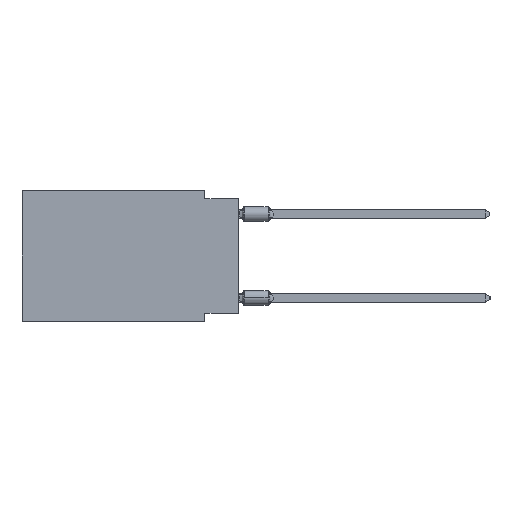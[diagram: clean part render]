
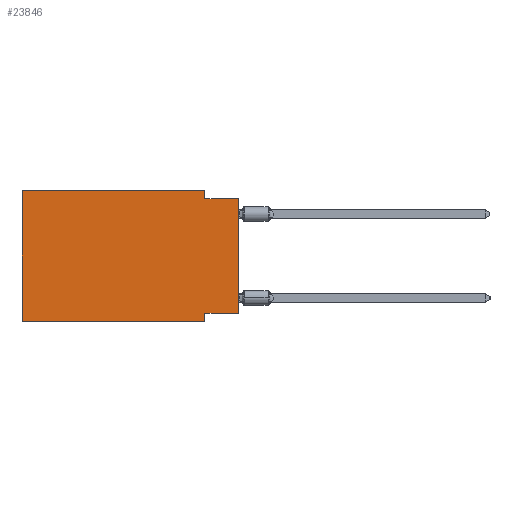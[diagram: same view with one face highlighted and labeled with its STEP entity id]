
A CAD part, left-side view. The second image highlights one B-rep face of the part: STEP entity #23846.
In plain terms, the highlighted planar face has unit normal (-1, 0, 0).
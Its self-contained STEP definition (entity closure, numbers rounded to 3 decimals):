
#721 = ORIENTED_EDGE ( 'NONE', *, *, #55149, .F. ) ;
#723 = DIRECTION ( 'NONE',  ( 0., 1., 0. ) ) ;
#1587 = LINE ( 'NONE', #53848, #37338 ) ;
#1861 = DIRECTION ( 'NONE',  ( 1., 0., 0. ) ) ;
#3718 = CARTESIAN_POINT ( 'NONE',  ( 0., 16.383, 0. ) ) ;
#5835 = VERTEX_POINT ( 'NONE', #22883 ) ;
#6183 = LINE ( 'NONE', #17250, #47262 ) ;
#7617 = VERTEX_POINT ( 'NONE', #8379 ) ;
#8379 = CARTESIAN_POINT ( 'NONE',  ( 0., 2.54, -0.635 ) ) ;
#9375 = AXIS2_PLACEMENT_3D ( 'NONE', #52793, #1861, #22337 ) ;
#9475 = VERTEX_POINT ( 'NONE', #43145 ) ;
#13670 = LINE ( 'NONE', #45471, #40341 ) ;
#15111 = VERTEX_POINT ( 'NONE', #49988 ) ;
#17170 = LINE ( 'NONE', #37580, #40003 ) ;
#17250 = CARTESIAN_POINT ( 'NONE',  ( 0., 2.54, -9.906 ) ) ;
#17363 = DIRECTION ( 'NONE',  ( 0., -1., 0. ) ) ;
#19144 = VERTEX_POINT ( 'NONE', #49013 ) ;
#20512 = ORIENTED_EDGE ( 'NONE', *, *, #40085, .F. ) ;
#21189 = CARTESIAN_POINT ( 'NONE',  ( 0., 0., -9.271 ) ) ;
#21273 = VERTEX_POINT ( 'NONE', #38940 ) ;
#21596 = DIRECTION ( 'NONE',  ( 0., 0., 1. ) ) ;
#21812 = VECTOR ( 'NONE', #35510, 1000. ) ;
#22337 = DIRECTION ( 'NONE',  ( 0., 0., -1. ) ) ;
#22883 = CARTESIAN_POINT ( 'NONE',  ( 0., 2.54, -9.271 ) ) ;
#23532 = EDGE_CURVE ( 'NONE', #21273, #50542, #13670, .T. ) ;
#23846 = ADVANCED_FACE ( 'NONE', ( #33023 ), #32361, .F. ) ;
#24207 = CARTESIAN_POINT ( 'NONE',  ( 0., 2.54, 0. ) ) ;
#25715 = CARTESIAN_POINT ( 'NONE',  ( 0., 16.383, -9.906 ) ) ;
#26548 = EDGE_CURVE ( 'NONE', #15111, #19144, #41021, .T. ) ;
#28798 = VECTOR ( 'NONE', #52052, 1000. ) ;
#31964 = CARTESIAN_POINT ( 'NONE',  ( 0., 0., 0. ) ) ;
#32361 = PLANE ( 'NONE',  #9375 ) ;
#32560 = LINE ( 'NONE', #21189, #50567 ) ;
#33023 = FACE_OUTER_BOUND ( 'NONE', #58579, .T. ) ;
#33339 = EDGE_CURVE ( 'NONE', #15111, #5835, #32560, .T. ) ;
#35510 = DIRECTION ( 'NONE',  ( 0., 0., 1. ) ) ;
#36534 = VERTEX_POINT ( 'NONE', #25715 ) ;
#37338 = VECTOR ( 'NONE', #17363, 1000. ) ;
#37580 = CARTESIAN_POINT ( 'NONE',  ( 0., 2.54, 0. ) ) ;
#37656 = DIRECTION ( 'NONE',  ( 0., 0., -1. ) ) ;
#38940 = CARTESIAN_POINT ( 'NONE',  ( 0., 16.383, 0. ) ) ;
#39791 = ORIENTED_EDGE ( 'NONE', *, *, #26548, .T. ) ;
#40003 = VECTOR ( 'NONE', #58033, 1000. ) ;
#40085 = EDGE_CURVE ( 'NONE', #7617, #19144, #1587, .T. ) ;
#40341 = VECTOR ( 'NONE', #59241, 1000. ) ;
#41021 = LINE ( 'NONE', #31964, #50104 ) ;
#43145 = CARTESIAN_POINT ( 'NONE',  ( 0., 2.54, -9.906 ) ) ;
#45471 = CARTESIAN_POINT ( 'NONE',  ( 0., 16.383, 0. ) ) ;
#47071 = ORIENTED_EDGE ( 'NONE', *, *, #64552, .T. ) ;
#47262 = VECTOR ( 'NONE', #37656, 1000. ) ;
#47489 = EDGE_CURVE ( 'NONE', #50542, #7617, #17170, .T. ) ;
#47762 = ORIENTED_EDGE ( 'NONE', *, *, #33339, .F. ) ;
#49013 = CARTESIAN_POINT ( 'NONE',  ( 0., 0., -0.635 ) ) ;
#49988 = CARTESIAN_POINT ( 'NONE',  ( 0., 0., -9.271 ) ) ;
#50104 = VECTOR ( 'NONE', #21596, 1000. ) ;
#50542 = VERTEX_POINT ( 'NONE', #24207 ) ;
#50567 = VECTOR ( 'NONE', #723, 1000. ) ;
#51071 = CARTESIAN_POINT ( 'NONE',  ( 0., 16.383, -9.906 ) ) ;
#52052 = DIRECTION ( 'NONE',  ( 0., -1., 0. ) ) ;
#52198 = EDGE_CURVE ( 'NONE', #5835, #9475, #6183, .T. ) ;
#52793 = CARTESIAN_POINT ( 'NONE',  ( 0., 16.383, 0. ) ) ;
#53848 = CARTESIAN_POINT ( 'NONE',  ( 0., 0., -0.635 ) ) ;
#55149 = EDGE_CURVE ( 'NONE', #36534, #21273, #59990, .T. ) ;
#55527 = ORIENTED_EDGE ( 'NONE', *, *, #23532, .F. ) ;
#57246 = ORIENTED_EDGE ( 'NONE', *, *, #52198, .F. ) ;
#58033 = DIRECTION ( 'NONE',  ( 0., 0., -1. ) ) ;
#58579 = EDGE_LOOP ( 'NONE', ( #39791, #20512, #58740, #55527, #721, #47071, #57246, #47762 ) ) ;
#58740 = ORIENTED_EDGE ( 'NONE', *, *, #47489, .F. ) ;
#59241 = DIRECTION ( 'NONE',  ( 0., -1., 0. ) ) ;
#59990 = LINE ( 'NONE', #3718, #21812 ) ;
#61784 = LINE ( 'NONE', #51071, #28798 ) ;
#64552 = EDGE_CURVE ( 'NONE', #36534, #9475, #61784, .T. ) ;

**WHAT YOU NEED TO DO:**
An exact reproduction of the data is needed, with no pictures included.

**EXPECTED ANSWER:**
[diagram: clean part render]
[diagram: same view with one face highlighted and labeled with its STEP entity id]
A CAD part, left-side view. The second image highlights one B-rep face of the part: STEP entity #23846.
In plain terms, the highlighted planar face has unit normal (-1, 0, 0).
Its self-contained STEP definition (entity closure, numbers rounded to 3 decimals):
#721 = ORIENTED_EDGE ( 'NONE', *, *, #55149, .F. ) ;
#723 = DIRECTION ( 'NONE',  ( 0., 1., 0. ) ) ;
#1587 = LINE ( 'NONE', #53848, #37338 ) ;
#1861 = DIRECTION ( 'NONE',  ( 1., 0., 0. ) ) ;
#3718 = CARTESIAN_POINT ( 'NONE',  ( 0., 16.383, 0. ) ) ;
#5835 = VERTEX_POINT ( 'NONE', #22883 ) ;
#6183 = LINE ( 'NONE', #17250, #47262 ) ;
#7617 = VERTEX_POINT ( 'NONE', #8379 ) ;
#8379 = CARTESIAN_POINT ( 'NONE',  ( 0., 2.54, -0.635 ) ) ;
#9375 = AXIS2_PLACEMENT_3D ( 'NONE', #52793, #1861, #22337 ) ;
#9475 = VERTEX_POINT ( 'NONE', #43145 ) ;
#13670 = LINE ( 'NONE', #45471, #40341 ) ;
#15111 = VERTEX_POINT ( 'NONE', #49988 ) ;
#17170 = LINE ( 'NONE', #37580, #40003 ) ;
#17250 = CARTESIAN_POINT ( 'NONE',  ( 0., 2.54, -9.906 ) ) ;
#17363 = DIRECTION ( 'NONE',  ( 0., -1., 0. ) ) ;
#19144 = VERTEX_POINT ( 'NONE', #49013 ) ;
#20512 = ORIENTED_EDGE ( 'NONE', *, *, #40085, .F. ) ;
#21189 = CARTESIAN_POINT ( 'NONE',  ( 0., 0., -9.271 ) ) ;
#21273 = VERTEX_POINT ( 'NONE', #38940 ) ;
#21596 = DIRECTION ( 'NONE',  ( 0., 0., 1. ) ) ;
#21812 = VECTOR ( 'NONE', #35510, 1000. ) ;
#22337 = DIRECTION ( 'NONE',  ( 0., 0., -1. ) ) ;
#22883 = CARTESIAN_POINT ( 'NONE',  ( 0., 2.54, -9.271 ) ) ;
#23532 = EDGE_CURVE ( 'NONE', #21273, #50542, #13670, .T. ) ;
#23846 = ADVANCED_FACE ( 'NONE', ( #33023 ), #32361, .F. ) ;
#24207 = CARTESIAN_POINT ( 'NONE',  ( 0., 2.54, 0. ) ) ;
#25715 = CARTESIAN_POINT ( 'NONE',  ( 0., 16.383, -9.906 ) ) ;
#26548 = EDGE_CURVE ( 'NONE', #15111, #19144, #41021, .T. ) ;
#28798 = VECTOR ( 'NONE', #52052, 1000. ) ;
#31964 = CARTESIAN_POINT ( 'NONE',  ( 0., 0., 0. ) ) ;
#32361 = PLANE ( 'NONE',  #9375 ) ;
#32560 = LINE ( 'NONE', #21189, #50567 ) ;
#33023 = FACE_OUTER_BOUND ( 'NONE', #58579, .T. ) ;
#33339 = EDGE_CURVE ( 'NONE', #15111, #5835, #32560, .T. ) ;
#35510 = DIRECTION ( 'NONE',  ( 0., 0., 1. ) ) ;
#36534 = VERTEX_POINT ( 'NONE', #25715 ) ;
#37338 = VECTOR ( 'NONE', #17363, 1000. ) ;
#37580 = CARTESIAN_POINT ( 'NONE',  ( 0., 2.54, 0. ) ) ;
#37656 = DIRECTION ( 'NONE',  ( 0., 0., -1. ) ) ;
#38940 = CARTESIAN_POINT ( 'NONE',  ( 0., 16.383, 0. ) ) ;
#39791 = ORIENTED_EDGE ( 'NONE', *, *, #26548, .T. ) ;
#40003 = VECTOR ( 'NONE', #58033, 1000. ) ;
#40085 = EDGE_CURVE ( 'NONE', #7617, #19144, #1587, .T. ) ;
#40341 = VECTOR ( 'NONE', #59241, 1000. ) ;
#41021 = LINE ( 'NONE', #31964, #50104 ) ;
#43145 = CARTESIAN_POINT ( 'NONE',  ( 0., 2.54, -9.906 ) ) ;
#45471 = CARTESIAN_POINT ( 'NONE',  ( 0., 16.383, 0. ) ) ;
#47071 = ORIENTED_EDGE ( 'NONE', *, *, #64552, .T. ) ;
#47262 = VECTOR ( 'NONE', #37656, 1000. ) ;
#47489 = EDGE_CURVE ( 'NONE', #50542, #7617, #17170, .T. ) ;
#47762 = ORIENTED_EDGE ( 'NONE', *, *, #33339, .F. ) ;
#49013 = CARTESIAN_POINT ( 'NONE',  ( 0., 0., -0.635 ) ) ;
#49988 = CARTESIAN_POINT ( 'NONE',  ( 0., 0., -9.271 ) ) ;
#50104 = VECTOR ( 'NONE', #21596, 1000. ) ;
#50542 = VERTEX_POINT ( 'NONE', #24207 ) ;
#50567 = VECTOR ( 'NONE', #723, 1000. ) ;
#51071 = CARTESIAN_POINT ( 'NONE',  ( 0., 16.383, -9.906 ) ) ;
#52052 = DIRECTION ( 'NONE',  ( 0., -1., 0. ) ) ;
#52198 = EDGE_CURVE ( 'NONE', #5835, #9475, #6183, .T. ) ;
#52793 = CARTESIAN_POINT ( 'NONE',  ( 0., 16.383, 0. ) ) ;
#53848 = CARTESIAN_POINT ( 'NONE',  ( 0., 0., -0.635 ) ) ;
#55149 = EDGE_CURVE ( 'NONE', #36534, #21273, #59990, .T. ) ;
#55527 = ORIENTED_EDGE ( 'NONE', *, *, #23532, .F. ) ;
#57246 = ORIENTED_EDGE ( 'NONE', *, *, #52198, .F. ) ;
#58033 = DIRECTION ( 'NONE',  ( 0., 0., -1. ) ) ;
#58579 = EDGE_LOOP ( 'NONE', ( #39791, #20512, #58740, #55527, #721, #47071, #57246, #47762 ) ) ;
#58740 = ORIENTED_EDGE ( 'NONE', *, *, #47489, .F. ) ;
#59241 = DIRECTION ( 'NONE',  ( 0., -1., 0. ) ) ;
#59990 = LINE ( 'NONE', #3718, #21812 ) ;
#61784 = LINE ( 'NONE', #51071, #28798 ) ;
#64552 = EDGE_CURVE ( 'NONE', #36534, #9475, #61784, .T. ) ;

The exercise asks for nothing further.